Melancholy starts to tell us the truth about the withdrawn qualities of objects. OOO thus differs from theistic ecophilosophy that asserts, “There is a Nature.” It maintains no absolute distance between subject and object; it limits “subject” to no entity in particular. Žižek's suspicion of SR to do with the “feminine” self-absorption of objects: precisely what he doesn't like about Buddhism. Changing “self-absorption” to “withdrawal” or “operational closure” discloses what's threatening about Buddhism: an object-like entity at the core of what is called subjectivity. Like ecomimesis, Harman's passage affirms a real world beyond mentation. Unlike ecomimesis, this world doesn't surround a subject--it's a world without reference to a subject.
If OOO construes everything as objects, some may believe that it would have a hard time talking about subjects--indeed, Slavoj Žižek has already criticized SR in general along these lines. This subjectivity is profoundly ecological and it departs from normative Western ideas of the subject as transcendence. Thus we see off Nature and its correlate, the (human) subject. I argue that OOO enjoins us to drop Matter just as we must drop Nature, and that this means that it can save the appearance of the most coherent and testable physical theory we have, namely quantum theory.

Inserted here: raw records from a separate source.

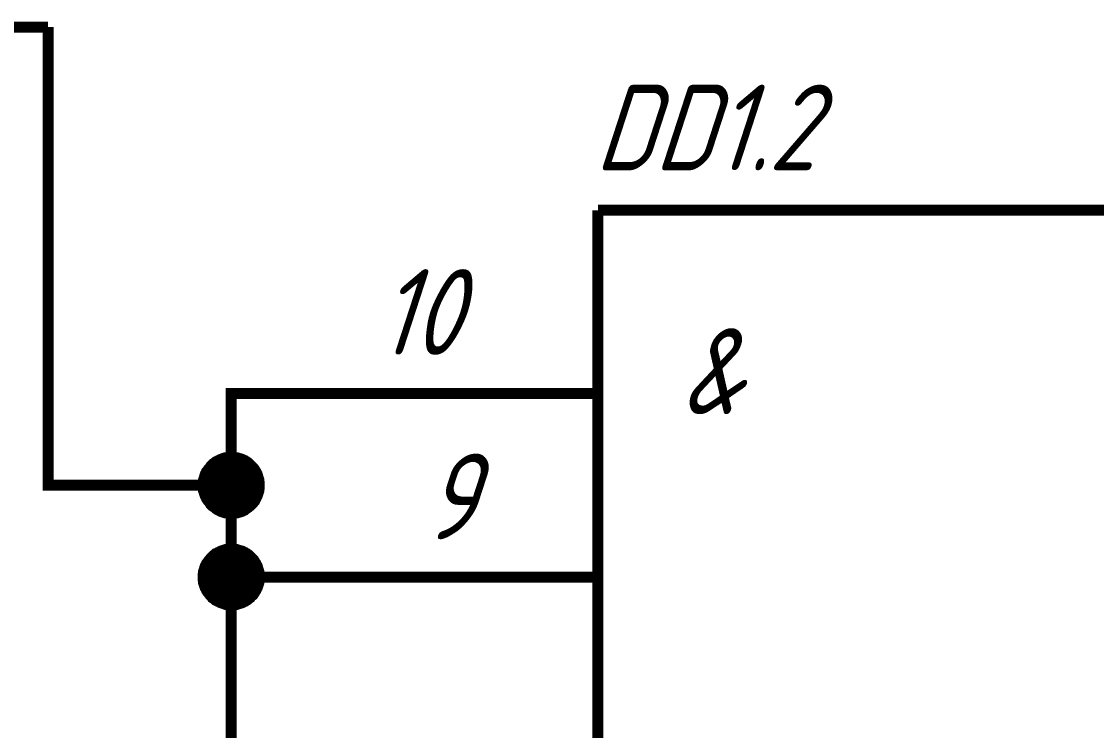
# Model space of a CAD drawing. Header units: millimetres. Extents: x 0 to 420, y 0 to 297.
# Drawn here: x 266.77 to 296.09, y 103.31 to 122.64 of the extents above; entities that cross this region are included whole.
import ezdxf

# ---------------------------------------------------------------- set-up
doc = ezdxf.new("R2010")
doc.units = ezdxf.units.MM
doc.layers.add('Sheet', color=255, linetype='Continuous')
doc.styles.add('GOST', font='', dxfattribs={"oblique": 18})
doc.styles.get('GOST').set_extended_font_data('GOST type A')

msp = doc.modelspace()

# ---------------------------------------------------------------- linework, layer by layer
at = {"layer": 'Sheet'}
for points, const_width in [([(262.5, 122.492), (267.496, 122.492)], 0.3), ([(267.496, 122.492), (267.496, 109.994), (272.493, 109.994), (272.493, 112.498), (277.489, 112.498)], 0.3), ([(282.496, 102.492), (282.496, 117.495)], 0.3), ([(282.496, 117.495), (297.485, 117.495)], 0.3), ([(282.496, 112.498), (277.489, 112.498)], 0.3), ([(271.729, 109.994), (271.729, 110.039), (271.729, 110.072), (271.74, 110.106), (271.74, 110.151), (271.751, 110.185), (271.763, 110.218), (271.774, 110.263), (271.785, 110.297), (271.808, 110.331), (271.819, 110.364), (271.841, 110.387), (271.864, 110.42), (271.886, 110.454), (271.909, 110.477), (271.931, 110.51), (271.954, 110.533), (271.976, 110.555), (272.01, 110.589), (272.043, 110.611), (272.066, 110.634), (272.1, 110.645), (272.133, 110.668), (272.167, 110.679), (272.201, 110.701), (272.234, 110.712), (272.268, 110.724), (272.302, 110.735), (272.335, 110.746), (272.38, 110.746), (272.414, 110.757), (272.459, 110.757), (272.493, 110.757)], 0.3), ([(271.729, 109.994), (271.729, 110.039), (271.729, 110.072), (271.74, 110.106), (271.74, 110.151), (271.751, 110.185), (271.763, 110.218), (271.774, 110.263), (271.785, 110.297), (271.808, 110.331), (271.819, 110.364), (271.841, 110.387), (271.864, 110.42), (271.886, 110.454), (271.909, 110.477), (271.931, 110.51), (271.954, 110.533), (271.976, 110.555), (272.01, 110.589), (272.043, 110.611), (272.066, 110.634), (272.1, 110.645), (272.133, 110.668), (272.167, 110.679), (272.201, 110.701), (272.234, 110.712), (272.268, 110.724), (272.302, 110.735), (272.335, 110.746), (272.38, 110.746), (272.414, 110.757), (272.459, 110.757), (272.493, 110.757)], 0.3), ([(271.729, 109.994), (271.729, 110.039), (271.729, 110.072), (271.74, 110.106), (271.74, 110.151), (271.751, 110.185), (271.763, 110.218), (271.774, 110.263), (271.785, 110.297), (271.808, 110.331), (271.819, 110.364), (271.841, 110.387), (271.864, 110.42), (271.886, 110.454), (271.909, 110.477), (271.931, 110.51), (271.954, 110.533), (271.976, 110.555), (272.01, 110.589), (272.043, 110.611), (272.066, 110.634), (272.1, 110.645), (272.133, 110.668), (272.167, 110.679), (272.201, 110.701), (272.234, 110.712), (272.268, 110.724), (272.302, 110.735), (272.335, 110.746), (272.38, 110.746), (272.414, 110.757), (272.459, 110.757), (272.493, 110.757)], 0.3), ([(271.729, 109.994), (271.729, 110.039), (271.729, 110.072), (271.74, 110.106), (271.74, 110.151), (271.751, 110.185), (271.763, 110.218), (271.774, 110.263), (271.785, 110.297), (271.808, 110.331), (271.819, 110.364), (271.841, 110.387), (271.864, 110.42), (271.886, 110.454), (271.909, 110.477), (271.931, 110.51), (271.954, 110.533), (271.976, 110.555), (272.01, 110.589), (272.043, 110.611), (272.066, 110.634), (272.1, 110.645), (272.133, 110.668), (272.167, 110.679), (272.201, 110.701), (272.234, 110.712), (272.268, 110.724), (272.302, 110.735), (272.335, 110.746), (272.38, 110.746), (272.414, 110.757), (272.459, 110.757), (272.493, 110.757)], 0.3), ([(272.493, 110.757), (272.493, 110.757)], 0.3), ([(272.493, 110.757), (272.537, 110.757), (272.571, 110.757), (272.605, 110.746), (272.65, 110.746), (272.683, 110.735), (272.717, 110.724), (272.762, 110.712), (272.796, 110.701), (272.829, 110.679), (272.863, 110.668), (272.885, 110.645), (272.919, 110.634), (272.953, 110.611), (272.975, 110.589), (273.009, 110.555), (273.031, 110.533), (273.054, 110.51), (273.088, 110.477), (273.11, 110.454), (273.132, 110.42), (273.144, 110.387), (273.166, 110.364), (273.177, 110.331), (273.2, 110.297), (273.211, 110.263), (273.222, 110.218), (273.234, 110.185), (273.245, 110.151), (273.245, 110.106), (273.256, 110.072), (273.256, 110.039), (273.256, 109.994)], 0.3), ([(272.493, 110.757), (272.493, 110.757)], 0.3), ([(272.493, 110.757), (272.537, 110.757), (272.571, 110.757), (272.605, 110.746), (272.65, 110.746), (272.683, 110.735), (272.717, 110.724), (272.762, 110.712), (272.796, 110.701), (272.829, 110.679), (272.863, 110.668), (272.885, 110.645), (272.919, 110.634), (272.953, 110.611), (272.975, 110.589), (273.009, 110.555), (273.031, 110.533), (273.054, 110.51), (273.088, 110.477), (273.11, 110.454), (273.132, 110.42), (273.144, 110.387), (273.166, 110.364), (273.177, 110.331), (273.2, 110.297), (273.211, 110.263), (273.222, 110.218), (273.234, 110.185), (273.245, 110.151), (273.245, 110.106), (273.256, 110.072), (273.256, 110.039), (273.256, 109.994)], 0.3), ([(272.493, 110.757), (272.493, 110.757)], 0.3), ([(272.493, 110.757), (272.537, 110.757), (272.571, 110.757), (272.605, 110.746), (272.65, 110.746), (272.683, 110.735), (272.717, 110.724), (272.762, 110.712), (272.796, 110.701), (272.829, 110.679), (272.863, 110.668), (272.885, 110.645), (272.919, 110.634), (272.953, 110.611), (272.975, 110.589), (273.009, 110.555), (273.031, 110.533), (273.054, 110.51), (273.088, 110.477), (273.11, 110.454), (273.132, 110.42), (273.144, 110.387), (273.166, 110.364), (273.177, 110.331), (273.2, 110.297), (273.211, 110.263), (273.222, 110.218), (273.234, 110.185), (273.245, 110.151), (273.245, 110.106), (273.256, 110.072), (273.256, 110.039), (273.256, 109.994)], 0.3), ([(272.493, 110.757), (272.493, 110.757)], 0.3), ([(272.493, 110.757), (272.537, 110.757), (272.571, 110.757), (272.605, 110.746), (272.65, 110.746), (272.683, 110.735), (272.717, 110.724), (272.762, 110.712), (272.796, 110.701), (272.829, 110.679), (272.863, 110.668), (272.885, 110.645), (272.919, 110.634), (272.953, 110.611), (272.975, 110.589), (273.009, 110.555), (273.031, 110.533), (273.054, 110.51), (273.088, 110.477), (273.11, 110.454), (273.132, 110.42), (273.144, 110.387), (273.166, 110.364), (273.177, 110.331), (273.2, 110.297), (273.211, 110.263), (273.222, 110.218), (273.234, 110.185), (273.245, 110.151), (273.245, 110.106), (273.256, 110.072), (273.256, 110.039), (273.256, 109.994)], 0.3), ([(271.729, 109.994), (271.729, 110.039), (271.729, 110.072), (271.74, 110.106), (271.74, 110.151), (271.751, 110.185), (271.763, 110.218), (271.774, 110.263), (271.785, 110.297), (271.808, 110.331), (271.819, 110.364), (271.841, 110.387), (271.864, 110.42), (271.886, 110.454), (271.909, 110.477), (271.931, 110.51), (271.954, 110.533), (271.976, 110.555), (272.01, 110.589), (272.043, 110.611), (272.066, 110.634), (272.1, 110.645), (272.133, 110.668), (272.167, 110.679), (272.201, 110.701), (272.234, 110.712), (272.268, 110.724), (272.302, 110.735), (272.335, 110.746), (272.38, 110.746), (272.414, 110.757), (272.459, 110.757), (272.493, 110.757)], 0.0991), ([(271.729, 109.994), (271.729, 110.039), (271.729, 110.072), (271.74, 110.106), (271.74, 110.151), (271.751, 110.185), (271.763, 110.218), (271.774, 110.263), (271.785, 110.297), (271.808, 110.331), (271.819, 110.364), (271.841, 110.387), (271.864, 110.42), (271.886, 110.454), (271.909, 110.477), (271.931, 110.51), (271.954, 110.533), (271.976, 110.555), (272.01, 110.589), (272.043, 110.611), (272.066, 110.634), (272.1, 110.645), (272.133, 110.668), (272.167, 110.679), (272.201, 110.701), (272.234, 110.712), (272.268, 110.724), (272.302, 110.735), (272.335, 110.746), (272.38, 110.746), (272.414, 110.757), (272.459, 110.757), (272.493, 110.757)], 0.0991), ([(271.729, 109.994), (271.729, 110.039), (271.729, 110.072), (271.74, 110.106), (271.74, 110.151), (271.751, 110.185), (271.763, 110.218), (271.774, 110.263), (271.785, 110.297), (271.808, 110.331), (271.819, 110.364), (271.841, 110.387), (271.864, 110.42), (271.886, 110.454), (271.909, 110.477), (271.931, 110.51), (271.954, 110.533), (271.976, 110.555), (272.01, 110.589), (272.043, 110.611), (272.066, 110.634), (272.1, 110.645), (272.133, 110.668), (272.167, 110.679), (272.201, 110.701), (272.234, 110.712), (272.268, 110.724), (272.302, 110.735), (272.335, 110.746), (272.38, 110.746), (272.414, 110.757), (272.459, 110.757), (272.493, 110.757)], 0.0991), ([(271.729, 109.994), (271.729, 110.039), (271.729, 110.072), (271.74, 110.106), (271.74, 110.151), (271.751, 110.185), (271.763, 110.218), (271.774, 110.263), (271.785, 110.297), (271.808, 110.331), (271.819, 110.364), (271.841, 110.387), (271.864, 110.42), (271.886, 110.454), (271.909, 110.477), (271.931, 110.51), (271.954, 110.533), (271.976, 110.555), (272.01, 110.589), (272.043, 110.611), (272.066, 110.634), (272.1, 110.645), (272.133, 110.668), (272.167, 110.679), (272.201, 110.701), (272.234, 110.712), (272.268, 110.724), (272.302, 110.735), (272.335, 110.746), (272.38, 110.746), (272.414, 110.757), (272.459, 110.757), (272.493, 110.757)], 0.0991), ([(272.493, 110.757), (272.493, 110.757)], 0.0991), ([(272.493, 110.757), (272.537, 110.757), (272.571, 110.757), (272.605, 110.746), (272.65, 110.746), (272.683, 110.735), (272.717, 110.724), (272.762, 110.712), (272.796, 110.701), (272.829, 110.679), (272.863, 110.668), (272.885, 110.645), (272.919, 110.634), (272.953, 110.611), (272.975, 110.589), (273.009, 110.555), (273.031, 110.533), (273.054, 110.51), (273.088, 110.477), (273.11, 110.454), (273.132, 110.42), (273.144, 110.387), (273.166, 110.364), (273.177, 110.331), (273.2, 110.297), (273.211, 110.263), (273.222, 110.218), (273.234, 110.185), (273.245, 110.151), (273.245, 110.106), (273.256, 110.072), (273.256, 110.039), (273.256, 109.994)], 0.0991), ([(272.493, 110.757), (272.493, 110.757)], 0.0991), ([(272.493, 110.757), (272.537, 110.757), (272.571, 110.757), (272.605, 110.746), (272.65, 110.746), (272.683, 110.735), (272.717, 110.724), (272.762, 110.712), (272.796, 110.701), (272.829, 110.679), (272.863, 110.668), (272.885, 110.645), (272.919, 110.634), (272.953, 110.611), (272.975, 110.589), (273.009, 110.555), (273.031, 110.533), (273.054, 110.51), (273.088, 110.477), (273.11, 110.454), (273.132, 110.42), (273.144, 110.387), (273.166, 110.364), (273.177, 110.331), (273.2, 110.297), (273.211, 110.263), (273.222, 110.218), (273.234, 110.185), (273.245, 110.151), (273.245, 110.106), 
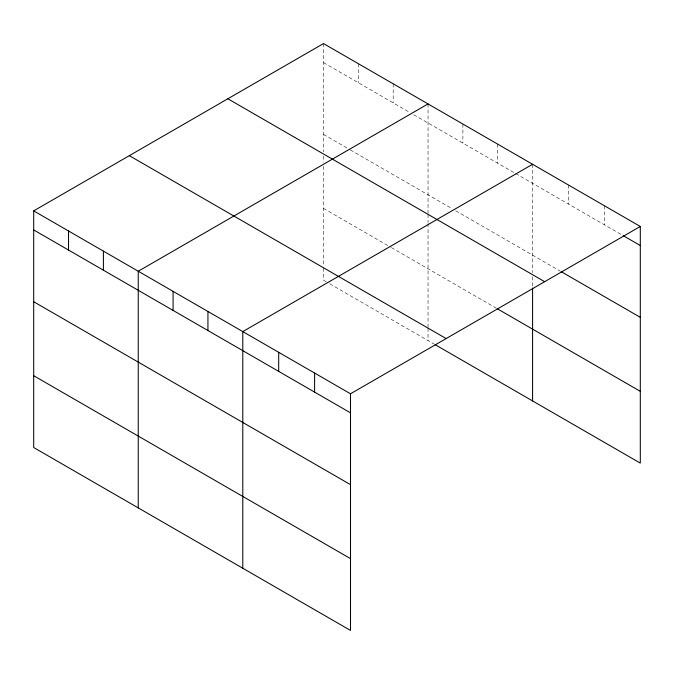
<?xml version="1.0" encoding="UTF-8"?>
<svg xmlns="http://www.w3.org/2000/svg" width="674" height="674" viewBox="0 0 674 674"><rect width="100%" height="100%" fill="white"/><g stroke="black" fill="none" stroke-linecap="round" stroke-linejoin="round"><path stroke-width="0.51" stroke-dasharray="3.37 2.53" d="M323.495 62.623L410.171 112.668M413.743 114.732L514.717 173.024M515.61 173.538L622.346 235.167M323.495 134.429L349.41 149.392M350.303 149.906L452.17 208.721M455.742 210.785L560.414 271.209M323.495 208.409L390.516 247.105M391.409 247.619L497.741 309.012M326.182 281.766L323.495 280.216L323.495 266.879M329.755 283.83L434.3 344.187M604.393 205.747L604.393 224.804M568.494 185.013L568.494 204.07M532.586 164.287L532.586 272.616M532.586 276.728L532.586 286.998M497.741 144.169L497.741 163.226M462.895 124.05L462.895 143.107M428.041 103.922L428.041 213.287M428.041 214.315L428.041 222.53M428.041 223.557L428.041 327.235M428.041 328.263L428.041 340.572M393.195 83.803L393.195 102.869M358.349 63.685L358.349 82.742M323.495 43.566L323.495 151.894M323.495 156.006L323.495 162.173M323.495 166.284L323.495 265.851"/><path stroke-width="1.01" d="M33.7 210.878L350.505 393.784L350.505 630.434L33.7 447.528L33.7 210.878L323.495 43.566L640.3 226.472L640.3 463.122L435.193 344.7M428.041 103.922L138.246 271.243L138.246 507.884M532.586 164.287L242.792 331.6L242.792 568.241M350.505 393.784L640.3 226.472M623.248 235.681L640.3 245.53M561.307 271.732L640.3 317.336M227.863 98.783L544.668 281.681M497.741 309.012L640.3 391.316M129.332 155.669L446.137 338.575M33.7 229.944L350.505 412.842M33.7 301.741L350.505 484.648M33.7 375.721L350.505 558.628M532.586 288.025L532.586 400.929M314.598 373.059L314.598 392.116M278.691 352.325L278.691 371.382M207.937 311.481L207.937 330.538M173.092 291.362L173.092 310.419M103.4 251.124L103.4 270.181M68.546 230.997L68.546 250.062"/></g></svg>

Let's turn our attention to... things....how far “down things” does OOO really go? Are these things made of some kind of substrate, some kind of unformed matter? Does “withdrawal” mean that objects are impenetrable in some non-figurative, nonhuman sense? Do objects have a spatial “inside”? Surely they might. But the principle of irreducibility must mean that this inside is radically unavailable. It's not simply a case of the right equipment passing through it, like a knife through butter. Even a knife through butter would not access the butter in all its essential butteriness. The proliferation of things that ecology talks about--from trees to nuclear power--do not compromise a holistic Nature. Nor yet are they comprised of some intrinsic, essential stuff. To dispatch Matter, we must explore the most rigorous and testable theory of physical Matter we know: quantum theory.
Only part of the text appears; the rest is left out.